Exercise requirements. Look below for the line that contains "[picture b2s1: schematic" and the line that contains "[picture b2top: board", then restate both of them and every line in between, exactly. No picture goes in the copy.

*** Block opens ***

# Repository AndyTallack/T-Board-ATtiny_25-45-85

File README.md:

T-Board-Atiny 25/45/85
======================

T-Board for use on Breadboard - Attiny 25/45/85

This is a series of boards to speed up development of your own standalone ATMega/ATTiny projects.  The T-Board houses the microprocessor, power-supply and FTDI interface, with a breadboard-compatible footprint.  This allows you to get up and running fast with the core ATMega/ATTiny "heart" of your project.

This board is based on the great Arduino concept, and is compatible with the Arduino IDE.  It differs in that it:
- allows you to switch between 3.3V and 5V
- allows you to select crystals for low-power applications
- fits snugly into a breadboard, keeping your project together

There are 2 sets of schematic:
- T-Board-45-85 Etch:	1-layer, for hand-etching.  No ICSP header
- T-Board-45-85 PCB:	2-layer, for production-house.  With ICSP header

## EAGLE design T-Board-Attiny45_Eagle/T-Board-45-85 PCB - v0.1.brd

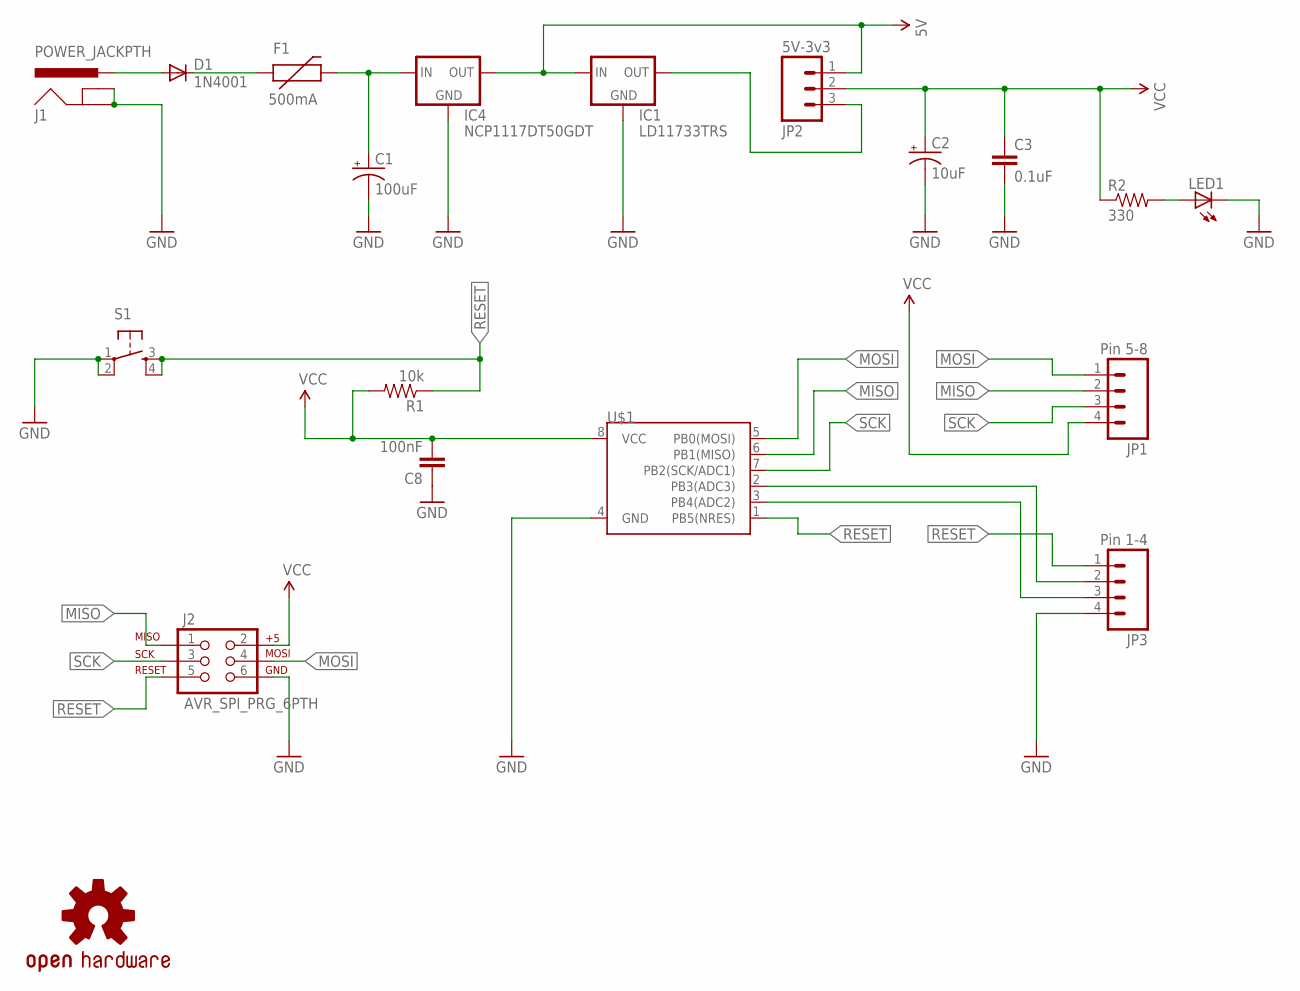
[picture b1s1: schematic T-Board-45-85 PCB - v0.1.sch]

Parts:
C1: 100uF; CPOL-RADIAL-100UF-25V
C2: 10uF; CPOL-RADIAL-10UF-25V
C3: 0.1uF; 1206
C8: 100nF; 1206
D1: 1N4001; DIODE-1N4001
F1: 500mA; PTC
IC1: LD11733TRS; SOT223
IC4: NCP1117DT50GDT; DPACK
J1: POWER_JACKPTH; POWER_JACK_PTH
J2: AVR_SPI_PRG_6PTH; 2X3
JP1: Pin 5-8; 1X04
JP2: 5V-3v3; 1X03
JP3: Pin 1-4; 1X04
LED1: LED1206; LED-1206
LOGO1: OSHW-LOGOS; OSHW-LOGO-S
R1: 10k; 1206
R2: 330; 1206
S1: TAC_SWITCHPTH; TACTILE-PTH
U$1: ATTINY45TINY45-20-DIP; DIP08

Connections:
5V: IC1.3 (IN), IC4.4 (OUT), JP2.1
GND: C1.2 (-), C2.2 (-), C3.2, C8.1, IC1.1 (GND), IC4.1 (GND), J1.GND, J1.GNDBREAK, J2.6, JP3.4, LED1.C, S1.1, S1.2, U$1.4 (GND)
MISO: J2.1, JP1.2, U$1.6 (PB1(MISO))
MOSI: J2.4, JP1.1, U$1.5 (PB0(MOSI))
unnamed: D1.A, J1.PWR
unnamed: D1.C, F1.P$1 (1)
unnamed: C1.1 (+), F1.P$2 (2), IC4.3 (IN)
unnamed: JP3.2, U$1.2 (PB3(ADC3))
unnamed: JP3.3, U$1.3 (PB4(ADC2))
unnamed: LED1.A, R2.2
unnamed: IC1.4 (OUT), JP2.3
RESET: J2.5, JP3.1, R1.1, S1.3, S1.4, U$1.1 (PB5(NRES))
SCK: J2.3, JP1.3, U$1.7 (PB2(SCK/ADC1))
VCC: C2.1 (+), C3.1, C8.2, J2.2, JP1.4, JP2.2, R1.2, R2.1, U$1.8 (VCC)

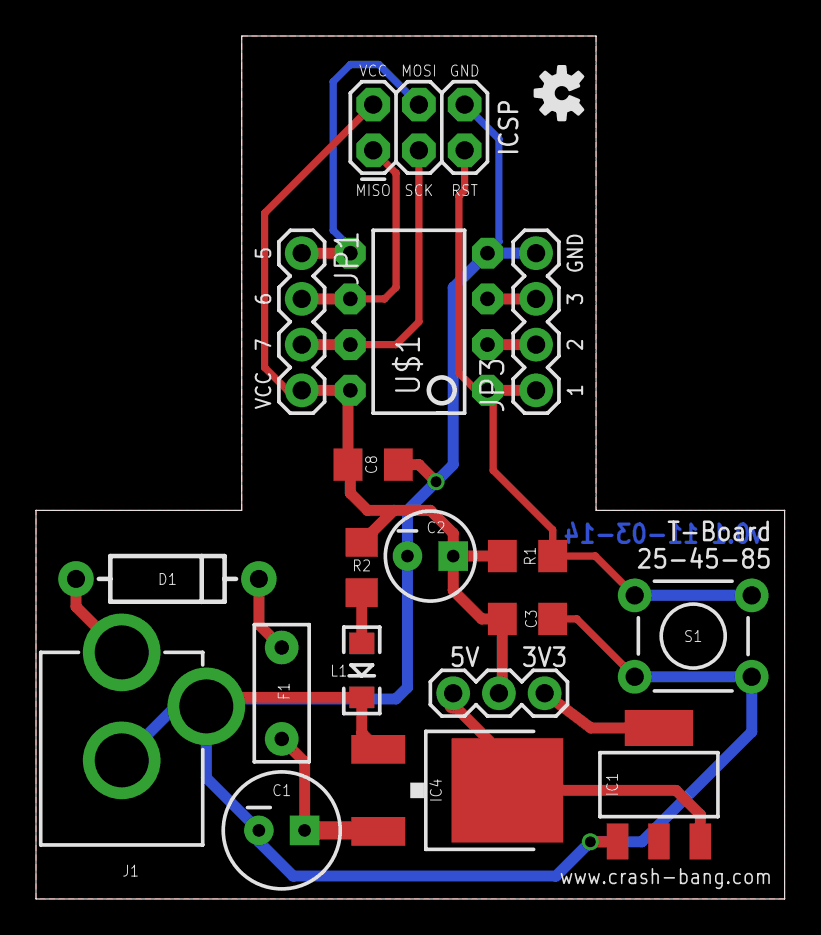
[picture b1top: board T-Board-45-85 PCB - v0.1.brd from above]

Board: 2 copper layers, 41.6 x 47.9 mm, 19 parts (0 on the bottom side), 14 nets.

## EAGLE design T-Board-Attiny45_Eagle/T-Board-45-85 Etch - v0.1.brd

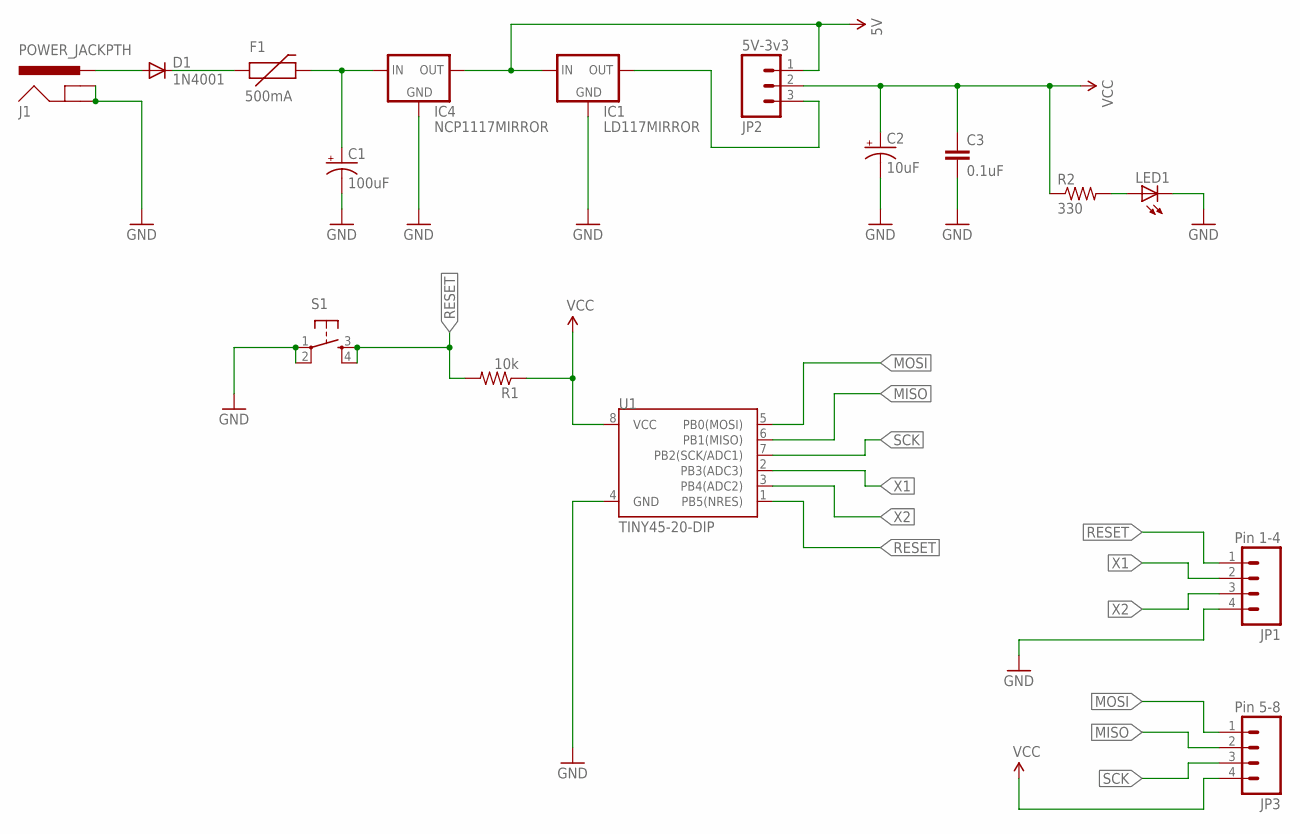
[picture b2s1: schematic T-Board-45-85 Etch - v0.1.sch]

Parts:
C1: 100uF; CPOL-RADIAL-100UF-25V
C2: 10uF; CPOL-RADIAL-10UF-25V
C3: 0.1uF; 1206
D1: 1N4001; DIODE-1N4001
F1: 500mA; PTC
IC1: LD117MIRROR; SOT223
IC4: NCP1117MIRROR; DPACK
J1: POWER_JACKPTH; POWER_JACK_PTH
JP1: Pin 1-4; 1X04
JP2: 5V-3v3; 1X03
JP3: Pin 5-8; 1X04
LED1: LED1206; LED-1206
R1: 10k; 1206
R2: 330; 1206
S1: TAC_SWITCHPTH; TACTILE-PTH
U1: TINY45-20-DIP; DIP08

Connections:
5V: IC1.1 (IN), IC4.4 (OUT), JP2.1
GND: C1.2 (-), C2.2 (-), C3.2, IC1.3 (GND), IC4.3 (GND), J1.GND, J1.GNDBREAK, JP1.4, LED1.C, S1.1, S1.2, U1.4 (GND)
MISO: JP3.2, U1.6 (PB1(MISO))
MOSI: JP3.1, U1.5 (PB0(MOSI))
unnamed: D1.A, J1.PWR
unnamed: D1.C, F1.P$1 (1)
unnamed: C1.1 (+), F1.P$2 (2), IC4.1 (IN)
unnamed: LED1.A, R2.2
unnamed: IC1.4 (OUT), JP2.3
RESET: JP1.1, R1.2, S1.3, S1.4, U1.1 (PB5(NRES))
SCK: JP3.3, U1.7 (PB2(SCK/ADC1))
VCC: C2.1 (+), C3.1, JP2.2, JP3.4, R1.1, R2.1, U1.8 (VCC)
X1: JP1.2, U1.2 (PB3(ADC3))
X2: JP1.3, U1.3 (PB4(ADC2))

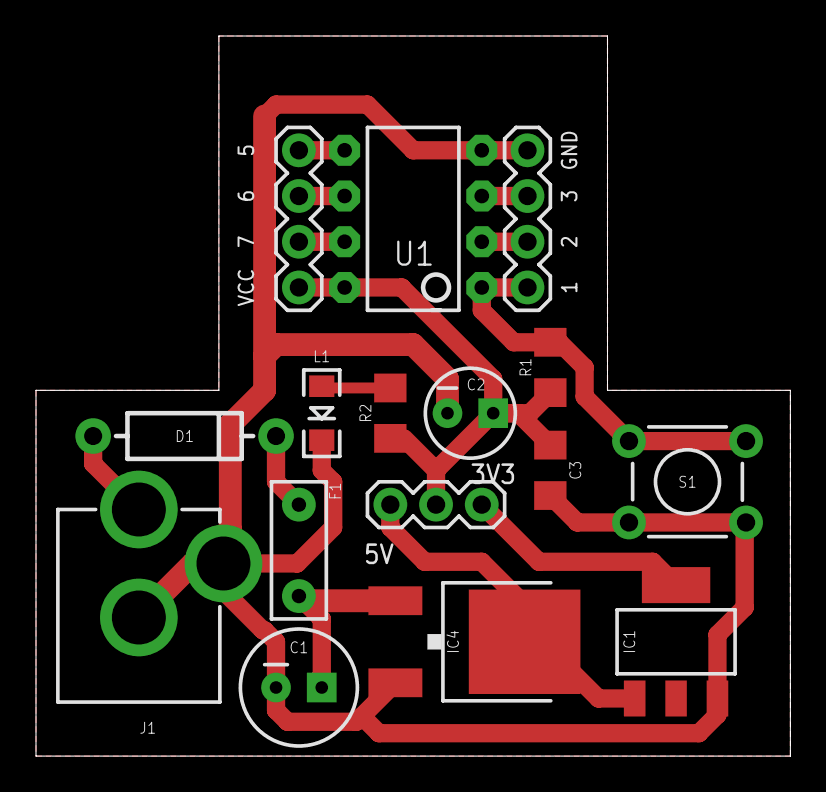
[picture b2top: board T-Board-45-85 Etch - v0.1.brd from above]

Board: 2 copper layers, 41.9 x 40.0 mm, 16 parts (0 on the bottom side), 14 nets.

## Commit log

2014-02-14 v0.1 - Initial Prototype
    Untested prototype
2014-03-16 v0.2 - 2-sided prototype
    2-sided prototype send to OSHPark to fab. Includes:
    - ICSP header
    - Consistency in trace width
2014-04-11 Adjusted header pins
    Header pins spacing corrected to fit breadboard more precisely

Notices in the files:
parts and their libraries:
SparkFun-Connectors: Licensing: CC v3.0 Share-Alike You are welcome to use this library for commercial purposes.

*** Block closes ***

Result for this task.
[picture b2s1: schematic T-Board-45-85 Etch - v0.1.sch]

Parts:
C1: 100uF; CPOL-RADIAL-100UF-25V
C2: 10uF; CPOL-RADIAL-10UF-25V
C3: 0.1uF; 1206
D1: 1N4001; DIODE-1N4001
F1: 500mA; PTC
IC1: LD117MIRROR; SOT223
IC4: NCP1117MIRROR; DPACK
J1: POWER_JACKPTH; POWER_JACK_PTH
JP1: Pin 1-4; 1X04
JP2: 5V-3v3; 1X03
JP3: Pin 5-8; 1X04
LED1: LED1206; LED-1206
R1: 10k; 1206
R2: 330; 1206
S1: TAC_SWITCHPTH; TACTILE-PTH
U1: TINY45-20-DIP; DIP08

Connections:
5V: IC1.1 (IN), IC4.4 (OUT), JP2.1
GND: C1.2 (-), C2.2 (-), C3.2, IC1.3 (GND), IC4.3 (GND), J1.GND, J1.GNDBREAK, JP1.4, LED1.C, S1.1, S1.2, U1.4 (GND)
MISO: JP3.2, U1.6 (PB1(MISO))
MOSI: JP3.1, U1.5 (PB0(MOSI))
unnamed: D1.A, J1.PWR
unnamed: D1.C, F1.P$1 (1)
unnamed: C1.1 (+), F1.P$2 (2), IC4.1 (IN)
unnamed: LED1.A, R2.2
unnamed: IC1.4 (OUT), JP2.3
RESET: JP1.1, R1.2, S1.3, S1.4, U1.1 (PB5(NRES))
SCK: JP3.3, U1.7 (PB2(SCK/ADC1))
VCC: C2.1 (+), C3.1, JP2.2, JP3.4, R1.1, R2.1, U1.8 (VCC)
X1: JP1.2, U1.2 (PB3(ADC3))
X2: JP1.3, U1.3 (PB4(ADC2))

[picture b2top: board T-Board-45-85 Etch - v0.1.brd from above]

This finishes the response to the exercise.